The concert also included Paolo Nutini, Mick Jones of Foreigner and Bill Wyman's Rhythm Kings who supported their acts, and additionally shared the stage with them. The show was held to raise money for the Ahmet Ertegun Education Fund, which pays for university scholarships in the UK, US and Turkey. The show had been scheduled for late November but was postponed by two weeks because Jimmy Page fractured a finger.

===Art collection===
Ertegun's collection of modernist works is now housed at The Baker Museum in Naples, Florida. The collection includes works by Oscar Bluemner, Thomas Hart Benton, Stuart Davis, Werner Drewes, John Ferren, Ilya Bolotowsky, and Albert Swinden; Ertegun's alma mater, St. John's College, presented an exhibition of works from this collection in 2015.

==In popular culture==
Ertegun has been represented several times in popular culture. In Ray, the biopic of Ray Charles, he is portrayed by Curtis Armstrong. In Beyond the Sea, the biopic about Bobby Darin, he is played by Tayfun Bademsoy. He appeared as an interview subject in the documentary film "Blind Willie's Blues" (1997 and 2023).

== Controversies ==
=== Views on the Armenian Genocide ===
Musician Serj Tankian (from System of a Down) has claimed that Ertegun was against recognising the Armenian Genocide in line with the official policy of Turkey, Ertegun's home country.

In December 2006 (shortly after Ertegun's death), Harut Sassounian, an Armenian-American writer and contributor for The Huffington Post, published an op-ed in which he claims that he had talked with Ertegun, and that Ertegun did acknowledge the Armenian Genocide, and he even wished to speak publicly about it; according to Sassounian, Ertegun "firmly believed that once Ankara put the issue of the Genocide behind it, the country would attain the respect of the international community and would not waste its efforts and resources to counter Armenian efforts for Genocide recognition". The writer ends his piece by explaining: "I could not write this column while he [Ertegun] was alive, since I did not want him to become the target of hate mails and threats from Turkish extremists by alerting them that he was considering the possibility of issuing a public statement on the Armenian Genocide. Alas, he passed away without being able to do so, which is a great loss for both Armenians and Turks. I hasten to add that it is a greater loss for Turkey.
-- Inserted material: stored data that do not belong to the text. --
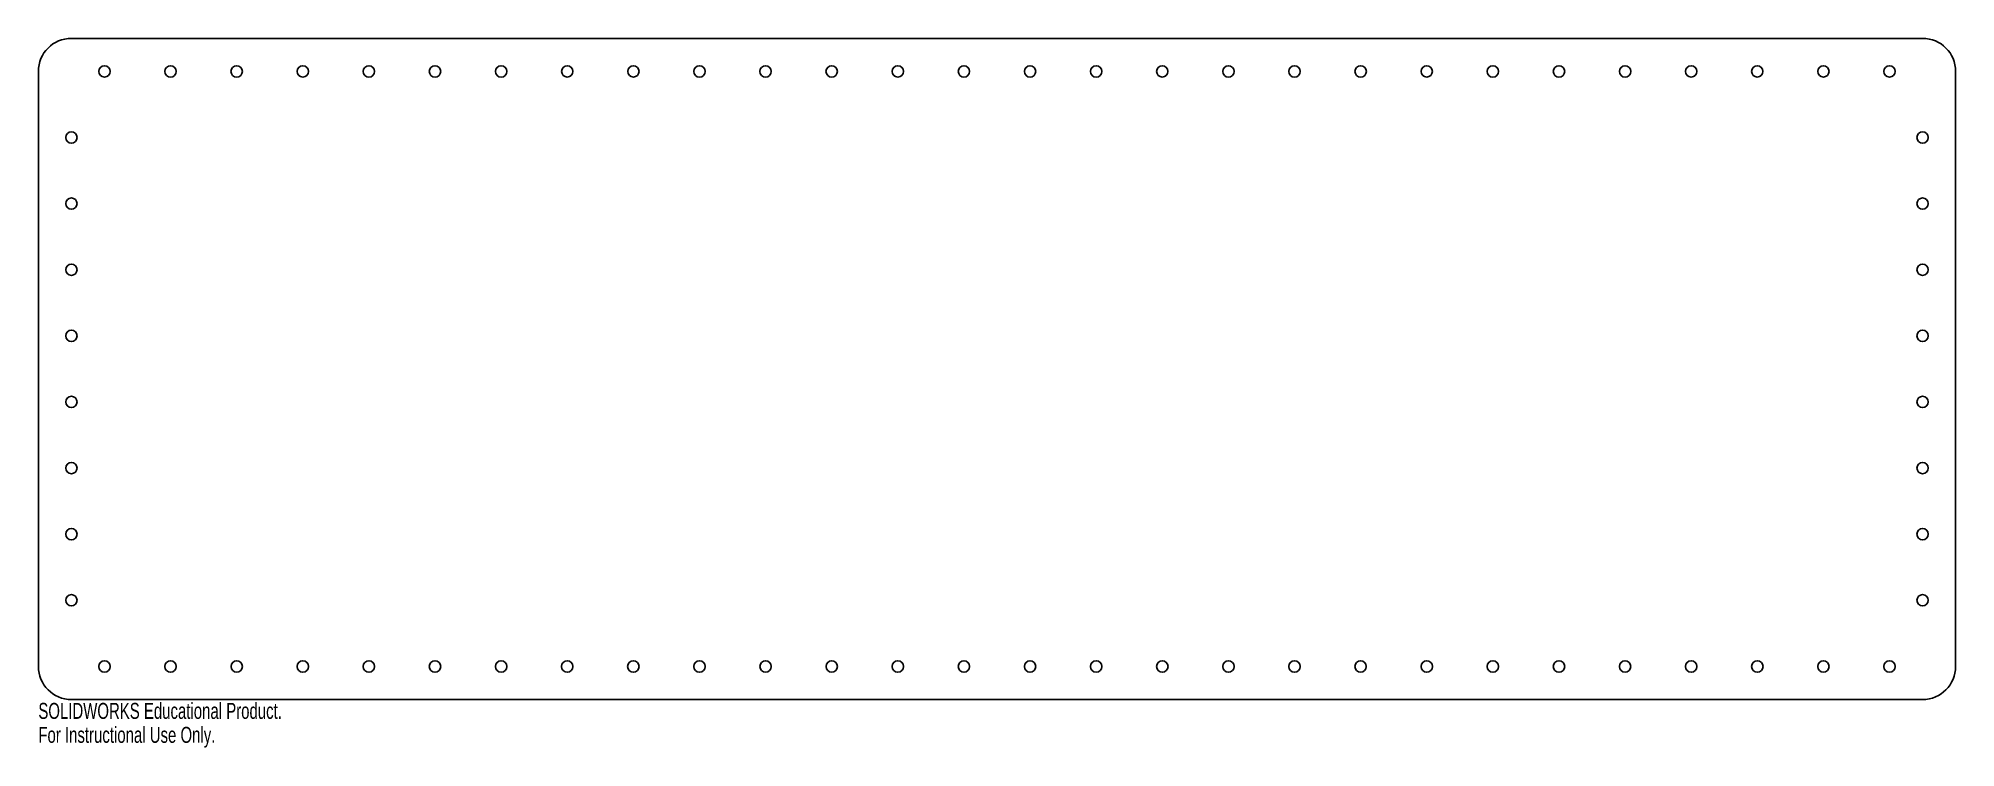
# Model space of a CAD drawing. Header units: millimetres. Extents: x -290 to 290, y -115 to 100.
import ezdxf

# ---------------------------------------------------------------- set-up
doc = ezdxf.new("R2010")
doc.units = ezdxf.units.MM
doc.styles.add('SLDTEXTSTYLE0', font='TXT', dxfattribs={"width": 0.7})

msp = doc.modelspace()

# ---------------------------------------------------------------- linework, layer by layer
at = {"color": 7, "linetype": 'Continuous', "lineweight": 25}
for p, q in [((280, 100), (-280, 100)), ((-290, 90), (-290, -90)), ((290, -90), (290, 90)), ((-280, -100), (280, -100))]:
    msp.add_line(p, q, dxfattribs=at)
for centre, radius in [((-270, 90), 1.72), ((-250, 90), 1.73), ((-230, 90), 1.73), ((-210, 90), 1.72), ((-190, 90), 1.73), ((-170, 90), 1.73), ((-150, 90), 1.73), ((-130, 90), 1.72), ((-110, 90), 1.72), ((-90, 90), 1.73), ((-70, 90), 1.73), ((-50, 90), 1.73), ((-30, 90), 1.72), ((-10, 90), 1.73), ((10, 90), 1.73), ((30, 90), 1.73), ((50, 90), 1.72), ((70, 90), 1.73), ((90, 90), 1.73), ((110, 90), 1.73), ((130, 90), 1.72), ((150, 90), 1.73), ((170, 90), 1.73), ((190, 90), 1.73), ((210, 90), 1.72), ((230, 90), 1.72), ((250, 90), 1.72), ((270, 90), 1.72), ((-280, 70), 1.72), ((280, 70), 1.72), ((-280, 50), 1.72), ((280, 50), 1.72), ((-280, 30.01), 1.72), ((280, 30.01), 1.72), ((-280, 10.01), 1.72), ((280, 10.01), 1.72), ((-280, -9.99), 1.72), ((280, -9.99), 1.72), ((-280, -29.98), 1.72), ((280, -29.98), 1.72), ((-280, -49.98), 1.72), ((280, -49.98), 1.72), ((-280, -69.98), 1.72), ((280, -69.98), 1.72), ((-270, -90), 1.72), ((-250, -90), 1.73), ((-230, -90), 1.72), ((-210, -90), 1.73), ((-190, -90), 1.73), ((-170, -90), 1.73), ((-150, -90), 1.72), ((-130, -90), 1.73), ((-110, -90), 1.73), ((-90, -90), 1.73), ((-70, -90), 1.72), ((-50, -90), 1.72), ((-30, -90), 1.73), ((-10, -90), 1.73), ((10, -90), 1.73), ((30, -90), 1.72), ((50, -90), 1.73), ((70, -90), 1.73), ((90, -90), 1.73), ((110, -90), 1.72), ((130, -90), 1.73), ((150, -90), 1.73), ((170, -90), 1.73), ((190, -90), 1.72), ((210, -90), 1.73), ((230, -90), 1.73), ((250, -90), 1.72), ((270, -90), 1.72)]:
    msp.add_circle(centre, radius, dxfattribs=at)
for centre, start, end in [((-280, 90), 90, 180), ((280, 90), 0, 90), ((-280, -90), 180, 270), ((280, -90), 270, 0)]:
    msp.add_arc(centre, 10, start, end, dxfattribs=at)

# ---------------------------------------------------------------- texts
at = {"color": 7, "linetype": 'Continuous', "char_height": 4.8336, "attachment_point": 1, "style": 'SLDTEXTSTYLE0'}
for s, insert in [('SOLIDWORKS Educational Product.', (-290, -101.02)), ('For Instructional Use Only.', (-290, -108.27))]:
    msp.add_mtext(s, dxfattribs=dict(at, insert=insert))

doc.saveas('drawing.dxf')

Ertegun believed that by acknowledging the Genocide, Turkey would earn many political dividends and lose practically nothing!"

=== 2017 sexual harassment/assault allegation ===
In 2017, music executive Dorothy Carvello alleged that Ertegun tried to remove her underwear and groped her under her shirt at a public event in 1987. Her book Anything for a Hit tells of her experiences.